-- Requirement --
Using the listing below, copy exactly the lines from the one containing "import ezdxf" to the one containing "layer by layer", both lines included, and no others.

------ Available data

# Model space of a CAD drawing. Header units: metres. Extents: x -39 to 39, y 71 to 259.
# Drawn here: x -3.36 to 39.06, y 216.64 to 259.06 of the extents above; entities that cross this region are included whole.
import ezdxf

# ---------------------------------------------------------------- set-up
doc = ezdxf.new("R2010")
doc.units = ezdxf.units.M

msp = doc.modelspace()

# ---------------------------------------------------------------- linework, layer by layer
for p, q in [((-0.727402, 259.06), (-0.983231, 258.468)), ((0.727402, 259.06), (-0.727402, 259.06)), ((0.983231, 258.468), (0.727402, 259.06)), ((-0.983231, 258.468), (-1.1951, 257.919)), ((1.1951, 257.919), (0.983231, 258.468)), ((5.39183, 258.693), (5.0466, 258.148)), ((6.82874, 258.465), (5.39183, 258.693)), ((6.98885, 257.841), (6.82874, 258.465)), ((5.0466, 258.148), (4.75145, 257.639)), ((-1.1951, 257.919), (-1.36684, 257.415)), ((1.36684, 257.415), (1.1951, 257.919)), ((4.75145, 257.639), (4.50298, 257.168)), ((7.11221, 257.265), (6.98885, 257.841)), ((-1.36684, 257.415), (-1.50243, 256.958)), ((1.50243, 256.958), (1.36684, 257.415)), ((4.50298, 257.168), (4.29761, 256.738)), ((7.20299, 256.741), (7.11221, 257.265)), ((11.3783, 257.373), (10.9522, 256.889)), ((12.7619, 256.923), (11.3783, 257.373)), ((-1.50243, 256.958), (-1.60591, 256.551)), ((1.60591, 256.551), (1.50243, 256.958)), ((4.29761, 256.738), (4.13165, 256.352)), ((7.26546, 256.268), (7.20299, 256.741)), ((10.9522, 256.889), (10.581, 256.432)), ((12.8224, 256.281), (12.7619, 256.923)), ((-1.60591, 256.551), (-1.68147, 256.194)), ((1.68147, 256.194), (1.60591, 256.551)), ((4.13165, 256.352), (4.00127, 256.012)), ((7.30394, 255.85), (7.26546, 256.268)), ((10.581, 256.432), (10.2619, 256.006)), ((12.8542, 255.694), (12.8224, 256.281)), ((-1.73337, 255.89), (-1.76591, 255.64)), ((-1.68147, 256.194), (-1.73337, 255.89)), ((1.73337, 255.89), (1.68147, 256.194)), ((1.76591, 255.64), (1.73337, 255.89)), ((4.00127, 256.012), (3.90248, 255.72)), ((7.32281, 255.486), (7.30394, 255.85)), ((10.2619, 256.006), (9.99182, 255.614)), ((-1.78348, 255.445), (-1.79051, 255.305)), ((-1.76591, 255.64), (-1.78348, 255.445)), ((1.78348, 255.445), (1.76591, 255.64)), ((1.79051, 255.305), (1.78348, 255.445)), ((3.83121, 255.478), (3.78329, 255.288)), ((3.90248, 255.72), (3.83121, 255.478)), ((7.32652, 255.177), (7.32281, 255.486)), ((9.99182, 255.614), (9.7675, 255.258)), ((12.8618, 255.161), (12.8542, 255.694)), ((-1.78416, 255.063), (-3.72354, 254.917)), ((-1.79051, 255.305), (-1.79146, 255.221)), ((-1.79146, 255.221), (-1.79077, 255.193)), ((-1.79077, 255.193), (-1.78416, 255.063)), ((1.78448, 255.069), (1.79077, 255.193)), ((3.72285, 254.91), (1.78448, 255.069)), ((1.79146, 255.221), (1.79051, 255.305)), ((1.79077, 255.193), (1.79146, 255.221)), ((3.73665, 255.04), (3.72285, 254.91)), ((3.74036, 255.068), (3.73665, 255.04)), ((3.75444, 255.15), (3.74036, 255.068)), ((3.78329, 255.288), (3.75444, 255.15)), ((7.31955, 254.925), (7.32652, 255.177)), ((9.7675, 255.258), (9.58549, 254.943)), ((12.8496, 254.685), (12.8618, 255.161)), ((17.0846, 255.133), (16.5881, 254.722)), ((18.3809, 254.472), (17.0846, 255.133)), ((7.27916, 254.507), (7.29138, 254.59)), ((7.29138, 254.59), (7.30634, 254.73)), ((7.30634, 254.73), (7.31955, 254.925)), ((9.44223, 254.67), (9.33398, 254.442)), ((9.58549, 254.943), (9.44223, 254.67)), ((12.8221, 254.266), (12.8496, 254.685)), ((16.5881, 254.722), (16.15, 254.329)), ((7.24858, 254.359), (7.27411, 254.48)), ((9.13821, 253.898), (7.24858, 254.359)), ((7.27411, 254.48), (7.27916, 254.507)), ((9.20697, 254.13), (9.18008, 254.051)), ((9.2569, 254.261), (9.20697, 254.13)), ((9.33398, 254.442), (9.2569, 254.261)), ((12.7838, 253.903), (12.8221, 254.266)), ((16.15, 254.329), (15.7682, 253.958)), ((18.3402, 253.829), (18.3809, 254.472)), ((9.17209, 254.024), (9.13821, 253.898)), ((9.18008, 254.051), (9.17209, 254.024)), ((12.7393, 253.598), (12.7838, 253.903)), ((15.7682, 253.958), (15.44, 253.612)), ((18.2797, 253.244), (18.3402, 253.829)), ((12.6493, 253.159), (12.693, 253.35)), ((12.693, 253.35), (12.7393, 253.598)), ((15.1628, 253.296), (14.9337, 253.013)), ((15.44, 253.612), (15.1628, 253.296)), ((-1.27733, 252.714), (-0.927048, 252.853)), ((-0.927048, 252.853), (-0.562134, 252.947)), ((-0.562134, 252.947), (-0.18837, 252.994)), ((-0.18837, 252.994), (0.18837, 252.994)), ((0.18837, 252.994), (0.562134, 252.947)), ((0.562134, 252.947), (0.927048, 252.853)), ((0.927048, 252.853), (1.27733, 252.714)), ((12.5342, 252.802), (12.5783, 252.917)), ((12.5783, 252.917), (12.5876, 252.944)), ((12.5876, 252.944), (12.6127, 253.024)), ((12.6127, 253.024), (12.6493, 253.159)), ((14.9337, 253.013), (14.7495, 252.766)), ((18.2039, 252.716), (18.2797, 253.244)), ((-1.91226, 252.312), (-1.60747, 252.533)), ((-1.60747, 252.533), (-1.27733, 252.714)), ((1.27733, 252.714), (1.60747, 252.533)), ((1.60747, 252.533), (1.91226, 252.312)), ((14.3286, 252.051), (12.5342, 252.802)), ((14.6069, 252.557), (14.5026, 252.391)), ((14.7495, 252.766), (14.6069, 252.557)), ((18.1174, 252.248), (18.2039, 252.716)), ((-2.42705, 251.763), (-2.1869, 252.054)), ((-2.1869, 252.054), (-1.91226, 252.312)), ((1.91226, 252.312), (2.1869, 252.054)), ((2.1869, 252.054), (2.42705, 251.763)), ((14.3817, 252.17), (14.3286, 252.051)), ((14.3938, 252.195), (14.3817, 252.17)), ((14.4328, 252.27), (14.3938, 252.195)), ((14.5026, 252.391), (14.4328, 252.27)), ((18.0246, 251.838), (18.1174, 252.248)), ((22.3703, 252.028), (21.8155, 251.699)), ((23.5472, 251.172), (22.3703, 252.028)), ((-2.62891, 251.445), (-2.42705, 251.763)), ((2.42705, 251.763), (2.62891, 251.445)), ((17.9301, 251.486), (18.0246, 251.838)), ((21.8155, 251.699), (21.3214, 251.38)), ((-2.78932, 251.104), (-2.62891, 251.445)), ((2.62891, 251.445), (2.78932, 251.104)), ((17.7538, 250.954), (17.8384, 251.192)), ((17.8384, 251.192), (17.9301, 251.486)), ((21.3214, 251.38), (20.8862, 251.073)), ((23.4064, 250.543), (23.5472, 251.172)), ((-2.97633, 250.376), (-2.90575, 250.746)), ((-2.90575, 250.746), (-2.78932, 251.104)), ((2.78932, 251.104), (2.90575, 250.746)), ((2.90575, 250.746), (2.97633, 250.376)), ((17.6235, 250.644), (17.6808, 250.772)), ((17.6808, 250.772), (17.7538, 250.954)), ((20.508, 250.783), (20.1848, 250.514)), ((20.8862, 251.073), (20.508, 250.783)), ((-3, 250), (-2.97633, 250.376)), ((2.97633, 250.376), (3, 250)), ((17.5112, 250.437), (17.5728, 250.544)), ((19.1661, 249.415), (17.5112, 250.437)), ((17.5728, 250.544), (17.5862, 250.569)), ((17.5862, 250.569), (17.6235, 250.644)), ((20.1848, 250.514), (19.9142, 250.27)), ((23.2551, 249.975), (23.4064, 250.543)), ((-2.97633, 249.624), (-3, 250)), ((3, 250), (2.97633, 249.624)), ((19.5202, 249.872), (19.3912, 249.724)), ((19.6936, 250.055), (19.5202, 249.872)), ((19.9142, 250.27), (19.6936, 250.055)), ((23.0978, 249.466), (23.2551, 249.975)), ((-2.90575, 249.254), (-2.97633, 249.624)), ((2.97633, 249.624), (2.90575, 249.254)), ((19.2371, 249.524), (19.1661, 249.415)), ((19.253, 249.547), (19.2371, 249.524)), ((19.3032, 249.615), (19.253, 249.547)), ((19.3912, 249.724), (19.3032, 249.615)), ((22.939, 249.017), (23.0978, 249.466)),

------------

-- Answer for this exercise --
import ezdxf

# ---------------------------------------------------------------- set-up
doc = ezdxf.new("R2010")
doc.units = ezdxf.units.M

msp = doc.modelspace()

# ---------------------------------------------------------------- linework, layer by layer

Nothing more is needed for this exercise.